◆ **BRIEF**: Leave out the pictures, and retype only the lines from the beginning of the material through the line that contains "#6=PRODUCT_DEFINITION_FORMATION('','',#4);", including both.

───── RECORDS SUPPLIED ─────

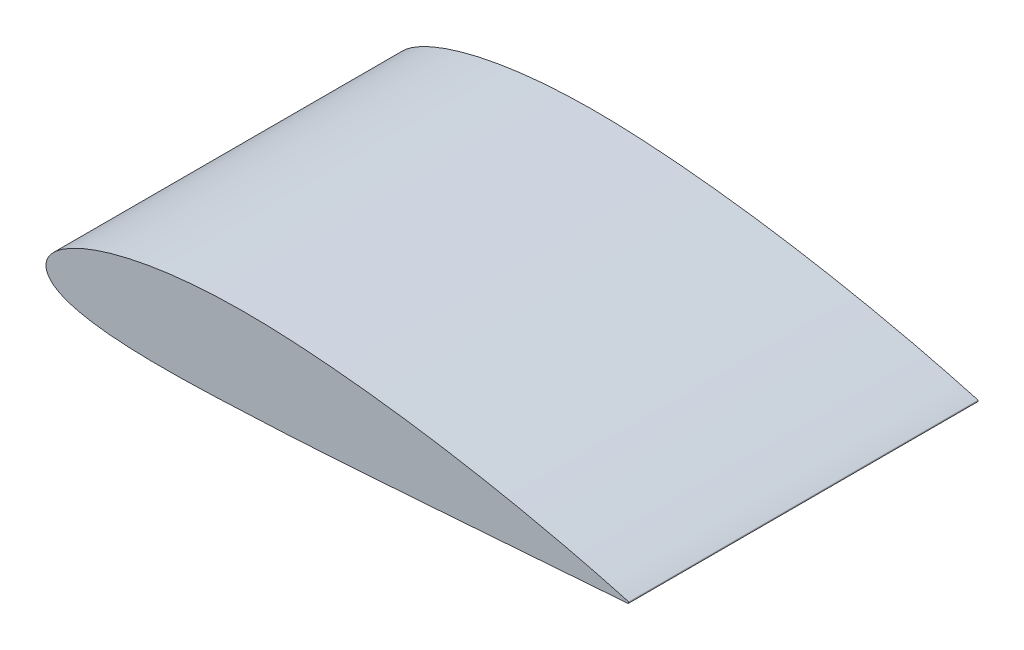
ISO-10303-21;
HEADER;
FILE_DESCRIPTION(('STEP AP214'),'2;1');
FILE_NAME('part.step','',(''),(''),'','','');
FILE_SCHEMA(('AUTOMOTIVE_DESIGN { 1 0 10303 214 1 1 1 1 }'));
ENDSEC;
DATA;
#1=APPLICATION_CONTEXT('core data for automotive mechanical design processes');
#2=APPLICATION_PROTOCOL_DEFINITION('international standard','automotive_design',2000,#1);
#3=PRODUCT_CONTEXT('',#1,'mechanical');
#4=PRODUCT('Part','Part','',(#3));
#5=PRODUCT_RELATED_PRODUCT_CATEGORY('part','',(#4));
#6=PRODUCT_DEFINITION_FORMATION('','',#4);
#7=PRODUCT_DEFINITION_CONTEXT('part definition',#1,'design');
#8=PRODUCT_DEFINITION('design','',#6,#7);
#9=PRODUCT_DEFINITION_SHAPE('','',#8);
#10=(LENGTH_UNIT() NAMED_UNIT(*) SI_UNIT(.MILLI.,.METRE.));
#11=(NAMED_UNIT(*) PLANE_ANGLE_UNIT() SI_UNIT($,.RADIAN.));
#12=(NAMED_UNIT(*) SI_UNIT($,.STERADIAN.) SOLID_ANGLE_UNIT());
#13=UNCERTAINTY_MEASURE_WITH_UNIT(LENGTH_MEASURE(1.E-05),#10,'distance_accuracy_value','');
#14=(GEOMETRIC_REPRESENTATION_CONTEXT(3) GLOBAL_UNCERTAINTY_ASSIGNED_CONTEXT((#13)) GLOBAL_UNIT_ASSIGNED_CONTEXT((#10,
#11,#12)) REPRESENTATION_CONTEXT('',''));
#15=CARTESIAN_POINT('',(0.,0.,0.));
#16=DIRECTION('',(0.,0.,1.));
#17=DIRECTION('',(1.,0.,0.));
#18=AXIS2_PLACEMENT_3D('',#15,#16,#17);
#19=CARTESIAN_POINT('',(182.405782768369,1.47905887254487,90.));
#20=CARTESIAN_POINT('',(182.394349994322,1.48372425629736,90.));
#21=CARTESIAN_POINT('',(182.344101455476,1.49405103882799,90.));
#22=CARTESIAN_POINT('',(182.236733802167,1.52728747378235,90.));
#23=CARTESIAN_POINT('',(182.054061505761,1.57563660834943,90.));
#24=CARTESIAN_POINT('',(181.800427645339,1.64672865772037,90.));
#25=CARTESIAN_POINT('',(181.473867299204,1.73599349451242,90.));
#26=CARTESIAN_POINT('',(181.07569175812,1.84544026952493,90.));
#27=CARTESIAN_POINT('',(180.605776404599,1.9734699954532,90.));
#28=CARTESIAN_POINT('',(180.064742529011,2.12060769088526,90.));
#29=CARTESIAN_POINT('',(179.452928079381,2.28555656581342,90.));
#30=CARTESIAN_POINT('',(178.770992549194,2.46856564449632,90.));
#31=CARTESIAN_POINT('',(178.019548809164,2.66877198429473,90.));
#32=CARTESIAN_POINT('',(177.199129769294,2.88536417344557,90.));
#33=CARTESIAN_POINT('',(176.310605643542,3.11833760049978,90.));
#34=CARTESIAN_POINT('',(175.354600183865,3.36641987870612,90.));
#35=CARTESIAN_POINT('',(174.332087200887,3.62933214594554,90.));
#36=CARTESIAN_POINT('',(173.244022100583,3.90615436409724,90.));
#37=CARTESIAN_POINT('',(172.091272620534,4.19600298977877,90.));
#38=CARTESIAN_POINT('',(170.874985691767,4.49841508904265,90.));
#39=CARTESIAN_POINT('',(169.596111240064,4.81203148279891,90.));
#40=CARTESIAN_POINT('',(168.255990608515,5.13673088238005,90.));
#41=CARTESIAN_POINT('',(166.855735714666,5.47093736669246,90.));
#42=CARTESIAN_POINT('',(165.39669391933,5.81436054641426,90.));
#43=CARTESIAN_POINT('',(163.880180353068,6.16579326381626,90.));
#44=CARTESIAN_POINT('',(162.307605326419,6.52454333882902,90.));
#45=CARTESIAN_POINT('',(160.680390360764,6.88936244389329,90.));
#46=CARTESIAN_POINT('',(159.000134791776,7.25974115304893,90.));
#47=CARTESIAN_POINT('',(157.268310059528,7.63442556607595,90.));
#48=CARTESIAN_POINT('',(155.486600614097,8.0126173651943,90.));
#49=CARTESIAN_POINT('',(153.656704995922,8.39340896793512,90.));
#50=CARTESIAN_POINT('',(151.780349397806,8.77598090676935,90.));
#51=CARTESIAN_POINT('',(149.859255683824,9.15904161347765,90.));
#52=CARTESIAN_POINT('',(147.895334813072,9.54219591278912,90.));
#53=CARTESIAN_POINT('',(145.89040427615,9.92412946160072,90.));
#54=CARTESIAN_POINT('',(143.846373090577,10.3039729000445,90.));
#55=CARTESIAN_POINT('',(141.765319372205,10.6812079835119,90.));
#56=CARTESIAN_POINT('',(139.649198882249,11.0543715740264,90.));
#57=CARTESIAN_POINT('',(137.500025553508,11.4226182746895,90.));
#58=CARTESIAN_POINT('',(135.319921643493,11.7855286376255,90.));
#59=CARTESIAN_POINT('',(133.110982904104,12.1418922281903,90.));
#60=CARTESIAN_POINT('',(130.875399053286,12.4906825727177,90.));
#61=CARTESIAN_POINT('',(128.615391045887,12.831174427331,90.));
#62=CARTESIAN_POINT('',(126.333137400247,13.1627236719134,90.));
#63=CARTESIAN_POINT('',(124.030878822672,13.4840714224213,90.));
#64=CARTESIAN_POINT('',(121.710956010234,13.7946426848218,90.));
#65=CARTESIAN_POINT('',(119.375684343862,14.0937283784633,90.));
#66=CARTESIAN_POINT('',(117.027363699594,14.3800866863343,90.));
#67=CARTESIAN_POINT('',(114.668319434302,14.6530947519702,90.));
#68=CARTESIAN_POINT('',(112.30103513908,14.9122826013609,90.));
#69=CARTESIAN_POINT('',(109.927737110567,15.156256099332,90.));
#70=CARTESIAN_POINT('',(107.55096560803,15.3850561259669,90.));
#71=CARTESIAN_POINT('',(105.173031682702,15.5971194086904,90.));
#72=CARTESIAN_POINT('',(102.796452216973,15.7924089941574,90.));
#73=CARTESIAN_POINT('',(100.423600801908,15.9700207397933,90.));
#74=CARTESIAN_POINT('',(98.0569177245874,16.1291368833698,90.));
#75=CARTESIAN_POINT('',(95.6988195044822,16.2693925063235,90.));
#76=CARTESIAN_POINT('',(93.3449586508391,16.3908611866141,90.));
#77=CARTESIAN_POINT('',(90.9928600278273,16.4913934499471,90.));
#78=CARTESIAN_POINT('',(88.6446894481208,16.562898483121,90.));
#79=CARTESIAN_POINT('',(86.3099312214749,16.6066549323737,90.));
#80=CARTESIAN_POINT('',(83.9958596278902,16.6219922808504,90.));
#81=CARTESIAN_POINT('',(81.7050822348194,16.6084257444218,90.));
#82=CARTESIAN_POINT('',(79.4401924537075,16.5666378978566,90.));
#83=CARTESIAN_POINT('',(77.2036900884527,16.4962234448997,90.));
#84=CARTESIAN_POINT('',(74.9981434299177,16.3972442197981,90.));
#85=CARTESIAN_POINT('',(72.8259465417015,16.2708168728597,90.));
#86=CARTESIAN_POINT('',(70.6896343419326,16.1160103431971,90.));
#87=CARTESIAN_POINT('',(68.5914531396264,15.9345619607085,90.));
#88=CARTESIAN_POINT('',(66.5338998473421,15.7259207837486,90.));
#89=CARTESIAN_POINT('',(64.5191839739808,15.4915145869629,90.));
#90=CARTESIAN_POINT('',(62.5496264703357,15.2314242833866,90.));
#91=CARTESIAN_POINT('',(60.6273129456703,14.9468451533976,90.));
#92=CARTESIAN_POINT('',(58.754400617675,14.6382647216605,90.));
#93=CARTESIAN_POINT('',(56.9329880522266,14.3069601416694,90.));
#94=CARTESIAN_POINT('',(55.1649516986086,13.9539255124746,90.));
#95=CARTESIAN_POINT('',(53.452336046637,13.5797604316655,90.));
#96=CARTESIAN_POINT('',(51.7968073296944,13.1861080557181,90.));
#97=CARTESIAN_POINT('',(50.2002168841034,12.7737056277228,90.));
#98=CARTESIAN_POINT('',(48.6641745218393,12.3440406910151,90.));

─────

◆ **TASK SOLUTION**:
ISO-10303-21;
HEADER;
FILE_DESCRIPTION(('STEP AP214'),'2;1');
FILE_NAME('part.step','',(''),(''),'','','');
FILE_SCHEMA(('AUTOMOTIVE_DESIGN { 1 0 10303 214 1 1 1 1 }'));
ENDSEC;
DATA;
#1=APPLICATION_CONTEXT('core data for automotive mechanical design processes');
#2=APPLICATION_PROTOCOL_DEFINITION('international standard','automotive_design',2000,#1);
#3=PRODUCT_CONTEXT('',#1,'mechanical');
#4=PRODUCT('Part','Part','',(#3));
#5=PRODUCT_RELATED_PRODUCT_CATEGORY('part','',(#4));
#6=PRODUCT_DEFINITION_FORMATION('','',#4);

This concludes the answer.